Si le agregás algunas protecciones, la línea debería andar bastante bien. No me ha caído uno en las manos como para revisarlo bien, pero parecen tener un diseño MUY ortodoxo, sin nada raro.

Saludos


----------



## oscarcito_ale

hola cacho eso es en el caso de la 1000 porque la 4000 ya es distinta incluso la terminacion, la ventilacion y la proteccion, te digo yo que ya hace mas de un año y medio que la tengo un nunca tuve problemas y mira que la uso... igual no te discuto que hay mejores pero por el precio de la misma y la calidad es buena che!


----------



## Cacho

La 4000 la ví en la foto que posteaste y nad amás. No puedo (ni voy a) discutir su calidad porque, como ya dije, no la he podido analizar.

En lo que estamos totalmente de acuerdo es en que son baratas. La relación Calidad/Precio es buena, no hay con qué discutirlo. Supongo que podemos acordar que con unas pocas modificaciones las potes estas andarán mucho más seguras.

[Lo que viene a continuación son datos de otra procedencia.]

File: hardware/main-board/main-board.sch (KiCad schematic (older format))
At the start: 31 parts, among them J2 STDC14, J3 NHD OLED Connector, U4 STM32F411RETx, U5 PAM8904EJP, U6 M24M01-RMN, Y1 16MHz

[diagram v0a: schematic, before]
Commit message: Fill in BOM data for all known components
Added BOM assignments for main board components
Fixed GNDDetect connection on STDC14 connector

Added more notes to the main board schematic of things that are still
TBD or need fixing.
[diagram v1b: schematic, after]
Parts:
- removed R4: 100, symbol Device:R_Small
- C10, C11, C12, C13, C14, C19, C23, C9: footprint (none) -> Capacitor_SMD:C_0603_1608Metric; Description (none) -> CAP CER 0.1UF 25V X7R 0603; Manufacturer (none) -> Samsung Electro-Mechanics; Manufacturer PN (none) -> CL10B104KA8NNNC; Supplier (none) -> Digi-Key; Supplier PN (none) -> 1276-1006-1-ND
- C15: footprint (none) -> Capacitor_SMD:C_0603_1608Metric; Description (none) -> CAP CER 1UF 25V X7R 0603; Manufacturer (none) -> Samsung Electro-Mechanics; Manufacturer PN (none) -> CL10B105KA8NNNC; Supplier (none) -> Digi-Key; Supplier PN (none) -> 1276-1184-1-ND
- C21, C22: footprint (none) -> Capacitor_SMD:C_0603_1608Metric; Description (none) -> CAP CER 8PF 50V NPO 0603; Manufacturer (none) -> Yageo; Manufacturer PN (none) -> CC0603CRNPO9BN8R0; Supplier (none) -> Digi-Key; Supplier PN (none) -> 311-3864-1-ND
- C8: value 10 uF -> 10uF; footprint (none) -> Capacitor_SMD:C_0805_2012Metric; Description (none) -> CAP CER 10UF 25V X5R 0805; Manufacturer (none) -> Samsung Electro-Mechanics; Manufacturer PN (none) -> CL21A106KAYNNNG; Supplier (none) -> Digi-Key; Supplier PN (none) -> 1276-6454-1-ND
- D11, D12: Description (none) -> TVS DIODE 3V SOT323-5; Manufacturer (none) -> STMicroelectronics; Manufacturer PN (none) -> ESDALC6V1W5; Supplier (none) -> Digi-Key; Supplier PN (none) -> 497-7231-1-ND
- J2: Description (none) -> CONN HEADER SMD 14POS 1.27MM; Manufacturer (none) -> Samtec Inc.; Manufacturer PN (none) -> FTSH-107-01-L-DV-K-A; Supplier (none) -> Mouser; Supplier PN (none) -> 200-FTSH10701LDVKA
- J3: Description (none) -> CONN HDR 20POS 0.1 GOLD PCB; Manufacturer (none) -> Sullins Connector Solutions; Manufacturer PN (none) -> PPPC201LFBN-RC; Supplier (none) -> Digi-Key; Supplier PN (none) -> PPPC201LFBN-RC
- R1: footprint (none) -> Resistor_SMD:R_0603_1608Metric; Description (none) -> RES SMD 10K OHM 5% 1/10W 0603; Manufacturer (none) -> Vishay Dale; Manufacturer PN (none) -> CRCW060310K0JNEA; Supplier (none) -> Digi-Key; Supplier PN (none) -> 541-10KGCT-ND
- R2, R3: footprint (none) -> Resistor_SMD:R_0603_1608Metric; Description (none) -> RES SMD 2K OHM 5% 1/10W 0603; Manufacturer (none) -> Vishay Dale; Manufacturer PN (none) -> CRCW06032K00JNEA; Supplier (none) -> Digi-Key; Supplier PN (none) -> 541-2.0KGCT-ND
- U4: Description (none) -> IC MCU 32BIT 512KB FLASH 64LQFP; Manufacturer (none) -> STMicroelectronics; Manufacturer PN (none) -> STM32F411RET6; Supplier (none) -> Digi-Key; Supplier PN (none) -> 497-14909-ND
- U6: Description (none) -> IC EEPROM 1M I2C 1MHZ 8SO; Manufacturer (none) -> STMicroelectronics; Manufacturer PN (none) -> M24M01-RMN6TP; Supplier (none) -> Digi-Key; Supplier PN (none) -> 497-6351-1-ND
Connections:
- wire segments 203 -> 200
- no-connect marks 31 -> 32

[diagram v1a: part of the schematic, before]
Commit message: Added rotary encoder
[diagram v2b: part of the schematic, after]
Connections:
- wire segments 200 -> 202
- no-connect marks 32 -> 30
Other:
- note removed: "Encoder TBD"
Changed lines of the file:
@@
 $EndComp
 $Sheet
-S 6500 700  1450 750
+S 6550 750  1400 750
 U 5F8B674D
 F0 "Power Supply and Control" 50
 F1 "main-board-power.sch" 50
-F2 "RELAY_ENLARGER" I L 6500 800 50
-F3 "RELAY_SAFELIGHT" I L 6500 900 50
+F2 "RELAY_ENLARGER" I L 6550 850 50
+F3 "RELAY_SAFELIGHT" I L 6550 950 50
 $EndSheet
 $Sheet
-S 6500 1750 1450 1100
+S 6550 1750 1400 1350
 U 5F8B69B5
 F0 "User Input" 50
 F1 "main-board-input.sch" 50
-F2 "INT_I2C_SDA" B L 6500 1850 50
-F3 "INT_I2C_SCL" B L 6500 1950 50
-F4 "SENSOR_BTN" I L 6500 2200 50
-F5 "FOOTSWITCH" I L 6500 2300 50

No pretendo ni puedo emitir una opinión de valor sobre estos amplificadores porque no los he podido desarmar nunca para analizarlos.


Saludos


----------



## teru79

pasame el dato del transformador,yo tengo una 1000 y una 6000,andan bien si las cuidas,la 6000 estaante bien,tiene disipadores de aluminio y turbina de 12v,aparte viene con proteccion x relay,la 1000 en cambio es una opcion economica,pero agregando el cooler y dispdor mas una protecc anda bien,si keres le agregas dos tip 35c mas y un transformador un poco mas groso,con 2 electroliticos mas en la fuente.
ahhh,me olvidaba,la 6000 tiene un pre con graves y agudos por lo que se excita con menos señal.
obvio que potencias importadas son de mejor calidad pero estas son nacionales y mejorandolas un poco andan bastante bien,saludos y gracias


----------



## Tacatomon

Me mato realmente eso de los Transistores directos en la chapa del gabinete. Todo Zorro el que diseño eso...

Esto si es algo decente, Digno de ser usado como disipador de calor, y tambien la hace de chapa... No es un amp De audio!.







Saludos.


----------



## oscarcito_ale

hola teru si tenes los datos de la xp 6000 colgalos en el foro me gustaria ver, es mas me interesa para armarla


----------



## teru79

aca hay unas fotos,por lo visto es igual que la 4000,tiene dos mj15003 x canal y un transformador igual,con 2 capacitores de 4700 micro x 63volt.
Lo que tiene agregado es un pre con dos tl081,uno x canal con equalizador.


----------



## oscarcito_ale

la verdad que si es igual no cambia nada cuando tengas el pcb del pre y control de tonos publicalo por favor gracias


----------



## Tacatomon

Por lo que veo en la foto, Nisiquiera pueden hacer una bobina Bien. Ese disipador esta para dar lastima...
Hoy amanecí enojado.

Saludos.


----------



## Nimer

Horrible la bobina! Y como dice tacatomon, el disipador da lástima..

De cuánto es el transformador que traen? Esas potencias tiran la potencia que dicen tirar?


----------



## jhoni1234

Ni ahi.


----------



## teru79

obviamente la calidad esta en relacion al precio,si queres una potencia de lujo comprate una Crest,QSC o una JBL,pero cuestan 10 veces mas


----------



## oscarcito_ale

Nimer dijo:
			
		

> Horrible la bobina! Y como dice tacatomon, el disipador da lástima..
> 
> De cuánto es el transformador que traen? Esas potencias tiran la potencia que dicen tirar?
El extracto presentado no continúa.